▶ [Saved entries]
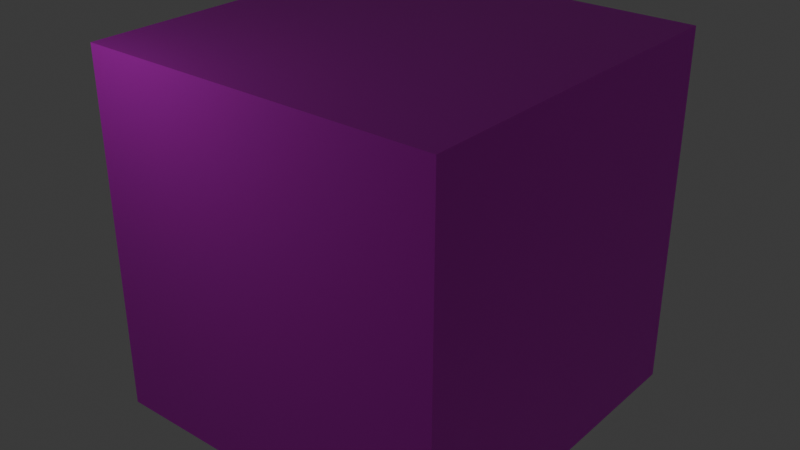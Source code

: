 # Source: CStellCube.blend  (saved by Blender 4.0.36; exported with 4.5.12 LTS)
import bpy
from mathutils import Matrix  # noqa: F401  (used for matrix-valued properties, if any)

bpy.ops.wm.read_factory_settings(use_empty=True)
scene = bpy.context.scene
scene.name = 'Scene'

# ---- collections
col_collection = bpy.data.collections.new('Collection'); scene.collection.children.link(col_collection)
col_export = bpy.data.collections.new('Export'); scene.collection.children.link(col_export)

# ---- images (referenced by path relative to the original .blend; pixels are not part of the script)
import os
ASSET_DIR = os.environ.get("B2B_ASSET_DIR", "")  # directory of the original .blend (textures are referenced by path, not embedded)
HERE = os.path.dirname(os.path.abspath(__file__))  # packed textures are extracted next to this script under _unpacked/

def load_image(name, relpath, width, height, colorspace="sRGB"):
    """Load a texture the original file referenced (path relative to the .blend, or extracted next to this script)."""
    p = next((c for c in (os.path.join(HERE, relpath), os.path.join(ASSET_DIR, relpath)) if relpath and os.path.exists(c)), "")
    if p:
        img = bpy.data.images.load(p, check_existing=True)
        img.name = name
    else:  # same state as the original file: an image datablock whose file is absent (Cycles renders it pink)
        img = bpy.data.images.new(name, width, height)
        img.source = "FILE"
        img.filepath = "//" + (relpath or name)
    img.colorspace_settings.name = colorspace
    return img
img_cstell2_png = load_image('CStell2.png', 'CStell2.png', 1024, 1024, 'sRGB')

# ---- materials (node trees are filled in below, after node groups)
mat_material = bpy.data.materials.new('Material')
mat_material.alpha_threshold = 0.0
mat_material.use_transparent_shadow = False
mat_material.roughness = 0.5
mat_material.line_color = (0.0, 0.0, 0.0, 1.0)

# ---- material node trees
mat_material.use_nodes = True; mat_material.node_tree.nodes.clear()
_N = mat_material.node_tree.nodes; _L = mat_material.node_tree.links
n0 = _N.new('ShaderNodeOutputMaterial'); n0.name = 'Material Output'; n0.location = (300, 300)
n1 = _N.new('ShaderNodeBsdfPrincipled'); n1.name = 'Principled BSDF'; n1.location = (10, 300)
n1.inputs[3].default_value = 1.45
n2 = _N.new('ShaderNodeTexImage'); n2.name = 'Image Texture'; n2.location = (-414, 212)
n2.image = img_cstell2_png
_L.new(n1.outputs[0], n0.inputs[0])
_L.new(n2.outputs[0], n1.inputs[0])
n0.is_active_output = True

# ---- world
world_world = bpy.data.worlds.new('World'); scene.world = world_world
world_world.use_nodes = True; world_world.node_tree.nodes.clear()
_N = world_world.node_tree.nodes; _L = world_world.node_tree.links
n0 = _N.new('ShaderNodeOutputWorld'); n0.name = 'World Output'; n0.location = (300, 300)
n1 = _N.new('ShaderNodeBackground'); n1.name = 'Background'; n1.location = (10, 300)
n1.inputs[0].default_value = (0.05088, 0.05088, 0.05088, 1.0)
_L.new(n1.outputs[0], n0.inputs[0])
n0.is_active_output = True
world_world.color = (0.05088, 0.05088, 0.05088)
world_world.use_sun_shadow = False
world_world.sun_shadow_jitter_overblur = 0.0

# ---- lights
light_point = bpy.data.lights.new('Point', 'POINT')
light_point.transmission_factor = 0.0
light_point.use_soft_falloff = False
light_point.shadow_maximum_resolution = 0.006
light_point.use_absolute_resolution = True

# ---- meshes
me_cube = bpy.data.meshes.new('Cube')
me_cube.from_pydata([(1.0, 1.0, 1.0), (1.0, 1.0, -1.0), (1.0, -1.0, 1.0), (1.0, -1.0, -1.0), (-1.0, 1.0, 1.0), (-1.0, 1.0, -1.0), (-1.0, -1.0, 1.0), (-1.0, -1.0, -1.0)], [], [(0, 4, 6, 2), (3, 2, 6, 7), (7, 6, 4, 5), (5, 1, 3, 7), (1, 0, 2, 3), (5, 4, 0, 1)])
_uv = me_cube.uv_layers.new(name='UVMap')
_uv.uv.foreach_set('vector', [1.999, -0.0004301, 0.9988, -0.0004302, 0.9988, 0.9996, 1.999, 0.9996, 1.999, 0.9996, 0.9988, 0.9996, 0.9988, 2.0, 1.999, 2.0, 1.999, 2.0, 0.9988, 2.0, 0.9988, 3.0, 1.999, 3.0, -0.001159, -0.0004302, -0.001159, 0.9996, 0.9988, 0.9996, 0.9988, -0.0004301, 0.9988, 0.9996, -0.001159, 0.9996, -0.001159, 2.0, 0.9988, 2.0, -0.001158, 3.0, 0.9988, 3.0, 0.9988, 2.0, -0.001158, 2.0])
me_cube.materials.append(mat_material)
me_cube.use_mirror_vertex_groups = False
me_cube.update()

# ---- objects
ob_cube = bpy.data.objects.new('Cube', me_cube)
ob_point = bpy.data.objects.new('Point', light_point)

# ---- transforms, parenting, visibility, modifiers, constraints
ob_cube.location = (0.0, 0.0, 0.0)
ob_cube.lock_rotations_4d = False
ob_cube.empty_display_type = 'ARROWS'
ob_cube.lineart.crease_threshold = 0.0
ob_point.location = (-0.8406, -2.007, 1.519)

# ---- collection membership
col_collection.objects.link(ob_cube)
col_collection.objects.link(ob_point)

# ---- scene / render settings (as saved in the file)
scene.frame_start = 1; scene.frame_end = 250; scene.frame_set(1)
scene.render.engine = 'BLENDER_EEVEE_NEXT'
scene.cycles.sampling_pattern = 'TABULATED_SOBOL'
bpy.context.view_layer.update()

# ---- added for rendering (the .blend has no active camera): camera
cam_auto = bpy.data.cameras.new('AutoCamera')
cam_auto.lens = 50.0
cam_auto.sensor_width = 36.0
cam_auto.clip_end = 1000.0
ob_auto_camera = bpy.data.objects.new('AutoCamera', cam_auto)
scene.collection.objects.link(ob_auto_camera)
ob_auto_camera.location = (3.20507, -3.84609, 2.56406)
ob_auto_camera.rotation_euler = (1.09748, -7.21219e-08, 0.694738)
scene.camera = ob_auto_camera
bpy.context.view_layer.update()

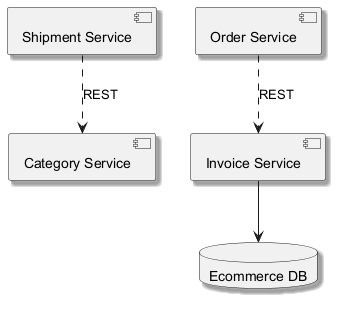

The diagram above was rendered by PlantUML. Its source (embedded in the PNG):
@startuml
skinparam backgroundColor #FFFFFF
skinparam classBackgroundColor #F3E5F5
skinparam classBorderColor #6A1B9A
skinparam shadowing true
component "Shipment Service" as C_ShipmentService
component "Invoice Service" as C_InvoiceService
component "Category Service" as C_CategoryService
component "Order Service" as C_OrderService
database "Ecommerce DB" as DB_ecommerce
C_InvoiceService --> DB_ecommerce
C_OrderService ..> C_InvoiceService : REST
C_ShipmentService ..> C_CategoryService : REST
@enduml
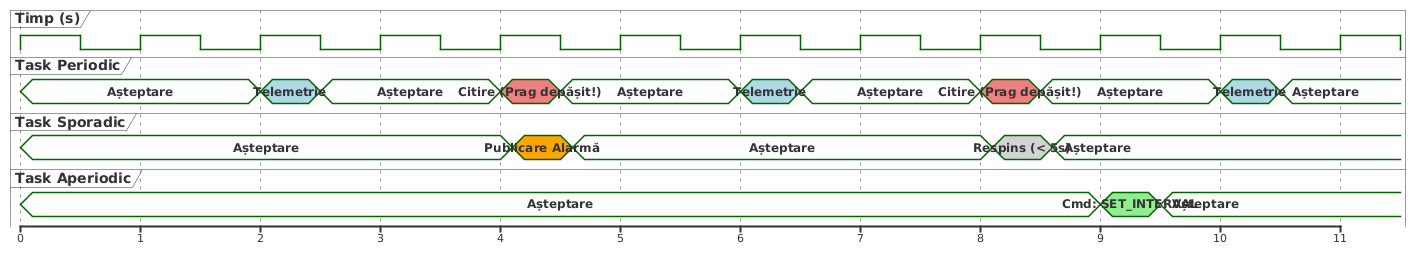

The diagram above was rendered by PlantUML. Its source (embedded in the PNG):
@startuml
' Lățim axa timpului pentru a face loc textului
scale 1 as 120 pixels

clock "Timp (s)" as T with period 1
concise "Task Periodic" as PT
concise "Task Sporadic" as ST
concise "Task Aperiodic" as AT

@0
PT is Așteptare #White
ST is Așteptare #White
AT is Așteptare #White

@2
PT is "Telemetrie" #LightBlue
@2.5
PT is Așteptare #White

@4
PT is "Citire (Prag depășit!)" #LightCoral
@4.1
ST is "Publicare Alarmă" #Orange
@4.5
PT is Așteptare #White
@4.6
ST is Așteptare #White

@6
PT is "Telemetrie" #LightBlue
@6.5
PT is Așteptare #White

@8
PT is "Citire (Prag depășit!)" #LightCoral
@8.1
ST is "Respins (< 5s)" #LightGray
@8.5
PT is Așteptare #White
@8.6
ST is Așteptare #White

@9
AT is "Cmd: SET_INTERVAL" #LightGreen
@9.5
AT is Așteptare #White

@10
PT is "Telemetrie" #LightBlue
@10.5
PT is Așteptare #White
@enduml

▶ [Task]
Leave out every picture and copy the rest of the records exactly.

▶ [Task response]
Source code

: # Source: CStellCube.blend  (saved by Blender 4.0.36; exported with 4.5.12 LTS)
import bpy
from mathutils import Matrix  # noqa: F401  (used for matrix-valued properties, if any)

bpy.ops.wm.read_factory_settings(use_empty=True)
scene = bpy.context.scene
scene.name = 'Scene'

# ---- collections
col_collection = bpy.data.collections.new('Collection'); scene.collection.children.link(col_collection)
col_export = bpy.data.collections.new('Export'); scene.collection.children.link(col_export)

# ---- images (referenced by path relative to the original .blend; pixels are not part of the script)
import os
ASSET_DIR = os.environ.get("B2B_ASSET_DIR", "")  # directory of the original .blend (textures are referenced by path, not embedded)
HERE = os.path.dirname(os.path.abspath(__file__))  # packed textures are extracted next to this script under _unpacked/

def load_image(name, relpath, width, height, colorspace="sRGB"):
    """Load a texture the original file referenced (path relative to the .blend, or extracted next to this script)."""
    p = next((c for c in (os.path.join(HERE, relpath), os.path.join(ASSET_DIR, relpath)) if relpath and os.path.exists(c)), "")
    if p:
        img = bpy.data.images.load(p, check_existing=True)
        img.name = name
    else:  # same state as the original file: an image datablock whose file is absent (Cycles renders it pink)
        img = bpy.data.images.new(name, width, height)
        img.source = "FILE"
        img.filepath = "//" + (relpath or name)
    img.colorspace_settings.name = colorspace
    return img
img_cstell2_png = load_image('CStell2.png', 'CStell2.png', 1024, 1024, 'sRGB')

# ---- materials (node trees are filled in below, after node groups)
mat_material = bpy.data.materials.new('Material')
mat_material.alpha_threshold = 0.0
mat_material.use_transparent_shadow = False
mat_material.roughness = 0.5
mat_material.line_color = (0.0, 0.0, 0.0, 1.0)

# ---- material node trees
mat_material.use_nodes = True; mat_material.node_tree.nodes.clear()
_N = mat_material.node_tree.nodes; _L = mat_material.node_tree.links
n0 = _N.new('ShaderNodeOutputMaterial'); n0.name = 'Material Output'; n0.location = (300, 300)
n1 = _N.new('ShaderNodeBsdfPrincipled'); n1.name = 'Principled BSDF'; n1.location = (10, 300)
n1.inputs[3].default_value = 1.45
n2 = _N.new('ShaderNodeTexImage'); n2.name = 'Image Texture'; n2.location = (-414, 212)
n2.image = img_cstell2_png
_L.new(n1.outputs[0], n0.inputs[0])
_L.new(n2.outputs[0], n1.inputs[0])
n0.is_active_output = True

# ---- world
world_world = bpy.data.worlds.new('World'); scene.world = world_world
world_world.use_nodes = True; world_world.node_tree.nodes.clear()
_N = world_world.node_tree.nodes; _L = world_world.node_tree.links
n0 = _N.new('ShaderNodeOutputWorld'); n0.name = 'World Output'; n0.location = (300, 300)
n1 = _N.new('ShaderNodeBackground'); n1.name = 'Background'; n1.location = (10, 300)
n1.inputs[0].default_value = (0.05088, 0.05088, 0.05088, 1.0)
_L.new(n1.outputs[0], n0.inputs[0])
n0.is_active_output = True
world_world.color = (0.05088, 0.05088, 0.05088)
world_world.use_sun_shadow = False
world_world.sun_shadow_jitter_overblur = 0.0

# ---- lights
light_point = bpy.data.lights.new('Point', 'POINT')
light_point.transmission_factor = 0.0
light_point.use_soft_falloff = False
light_point.shadow_maximum_resolution = 0.006
light_point.use_absolute_resolution = True

# ---- meshes
me_cube = bpy.data.meshes.new('Cube')
me_cube.from_pydata([(1.0, 1.0, 1.0), (1.0, 1.0, -1.0), (1.0, -1.0, 1.0), (1.0, -1.0, -1.0), (-1.0, 1.0, 1.0), (-1.0, 1.0, -1.0), (-1.0, -1.0, 1.0), (-1.0, -1.0, -1.0)], [], [(0, 4, 6, 2), (3, 2, 6, 7), (7, 6, 4, 5), (5, 1, 3, 7), (1, 0, 2, 3), (5, 4, 0, 1)])
_uv = me_cube.uv_layers.new(name='UVMap')
_uv.uv.foreach_set('vector', [1.999, -0.0004301, 0.9988, -0.0004302, 0.9988, 0.9996, 1.999, 0.9996, 1.999, 0.9996, 0.9988, 0.9996, 0.9988, 2.0, 1.999, 2.0, 1.999, 2.0, 0.9988, 2.0, 0.9988, 3.0, 1.999, 3.0, -0.001159, -0.0004302, -0.001159, 0.9996, 0.9988, 0.9996, 0.9988, -0.0004301, 0.9988, 0.9996, -0.001159, 0.9996, -0.001159, 2.0, 0.9988, 2.0, -0.001158, 3.0, 0.9988, 3.0, 0.9988, 2.0, -0.001158, 2.0])
me_cube.materials.append(mat_material)
me_cube.use_mirror_vertex_groups = False
me_cube.update()

# ---- objects
ob_cube = bpy.data.objects.new('Cube', me_cube)
ob_point = bpy.data.objects.new('Point', light_point)

# ---- transforms, parenting, visibility, modifiers, constraints
ob_cube.location = (0.0, 0.0, 0.0)
ob_cube.lock_rotations_4d = False
ob_cube.empty_display_type = 'ARROWS'
ob_cube.lineart.crease_threshold = 0.0
ob_point.location = (-0.8406, -2.007, 1.519)

# ---- collection membership
col_collection.objects.link(ob_cube)
col_collection.objects.link(ob_point)

# ---- scene / render settings (as saved in the file)
scene.frame_start = 1; scene.frame_end = 250; scene.frame_set(1)
scene.render.engine = 'BLENDER_EEVEE_NEXT'
scene.cycles.sampling_pattern = 'TABULATED_SOBOL'
bpy.context.view_layer.update()

# ---- added for rendering (the .blend has no active camera): camera
cam_auto = bpy.data.cameras.new('AutoCamera')
cam_auto.lens = 50.0
cam_auto.sensor_width = 36.0
cam_auto.clip_end = 1000.0
ob_auto_camera = bpy.data.objects.new('AutoCamera', cam_auto)
scene.collection.objects.link(ob_auto_camera)
ob_auto_camera.location = (3.20507, -3.84609, 2.56406)
ob_auto_camera.rotation_euler = (1.09748, -7.21219e-08, 0.694738)
scene.camera = ob_auto_camera
bpy.context.view_layer.update()


The diagram above was rendered by PlantUML. Its source (embedded in the PNG):
@startuml
skinparam backgroundColor #FFFFFF
skinparam classBackgroundColor #F3E5F5
skinparam classBorderColor #6A1B9A
skinparam shadowing true
component "Shipment Service" as C_ShipmentService
component "Invoice Service" as C_InvoiceService
component "Category Service" as C_CategoryService
component "Order Service" as C_OrderService
database "Ecommerce DB" as DB_ecommerce
C_InvoiceService --> DB_ecommerce
C_OrderService ..> C_InvoiceService : REST
C_ShipmentService ..> C_CategoryService : REST
@enduml

The diagram above was rendered by PlantUML. Its source (embedded in the PNG):
@startuml
' Lățim axa timpului pentru a face loc textului
scale 1 as 120 pixels

clock "Timp (s)" as T with period 1
concise "Task Periodic" as PT
concise "Task Sporadic" as ST
concise "Task Aperiodic" as AT

@0
PT is Așteptare #White
ST is Așteptare #White
AT is Așteptare #White

@2
PT is "Telemetrie" #LightBlue
@2.5
PT is Așteptare #White

@4
PT is "Citire (Prag depășit!)" #LightCoral
@4.1
ST is "Publicare Alarmă" #Orange
@4.5
PT is Așteptare #White
@4.6
ST is Așteptare #White

@6
PT is "Telemetrie" #LightBlue
@6.5
PT is Așteptare #White

@8
PT is "Citire (Prag depășit!)" #LightCoral
@8.1
ST is "Respins (< 5s)" #LightGray
@8.5
PT is Așteptare #White
@8.6
ST is Așteptare #White

@9
AT is "Cmd: SET_INTERVAL" #LightGreen
@9.5
AT is Așteptare #White

@10
PT is "Telemetrie" #LightBlue
@10.5
PT is Așteptare #White
@enduml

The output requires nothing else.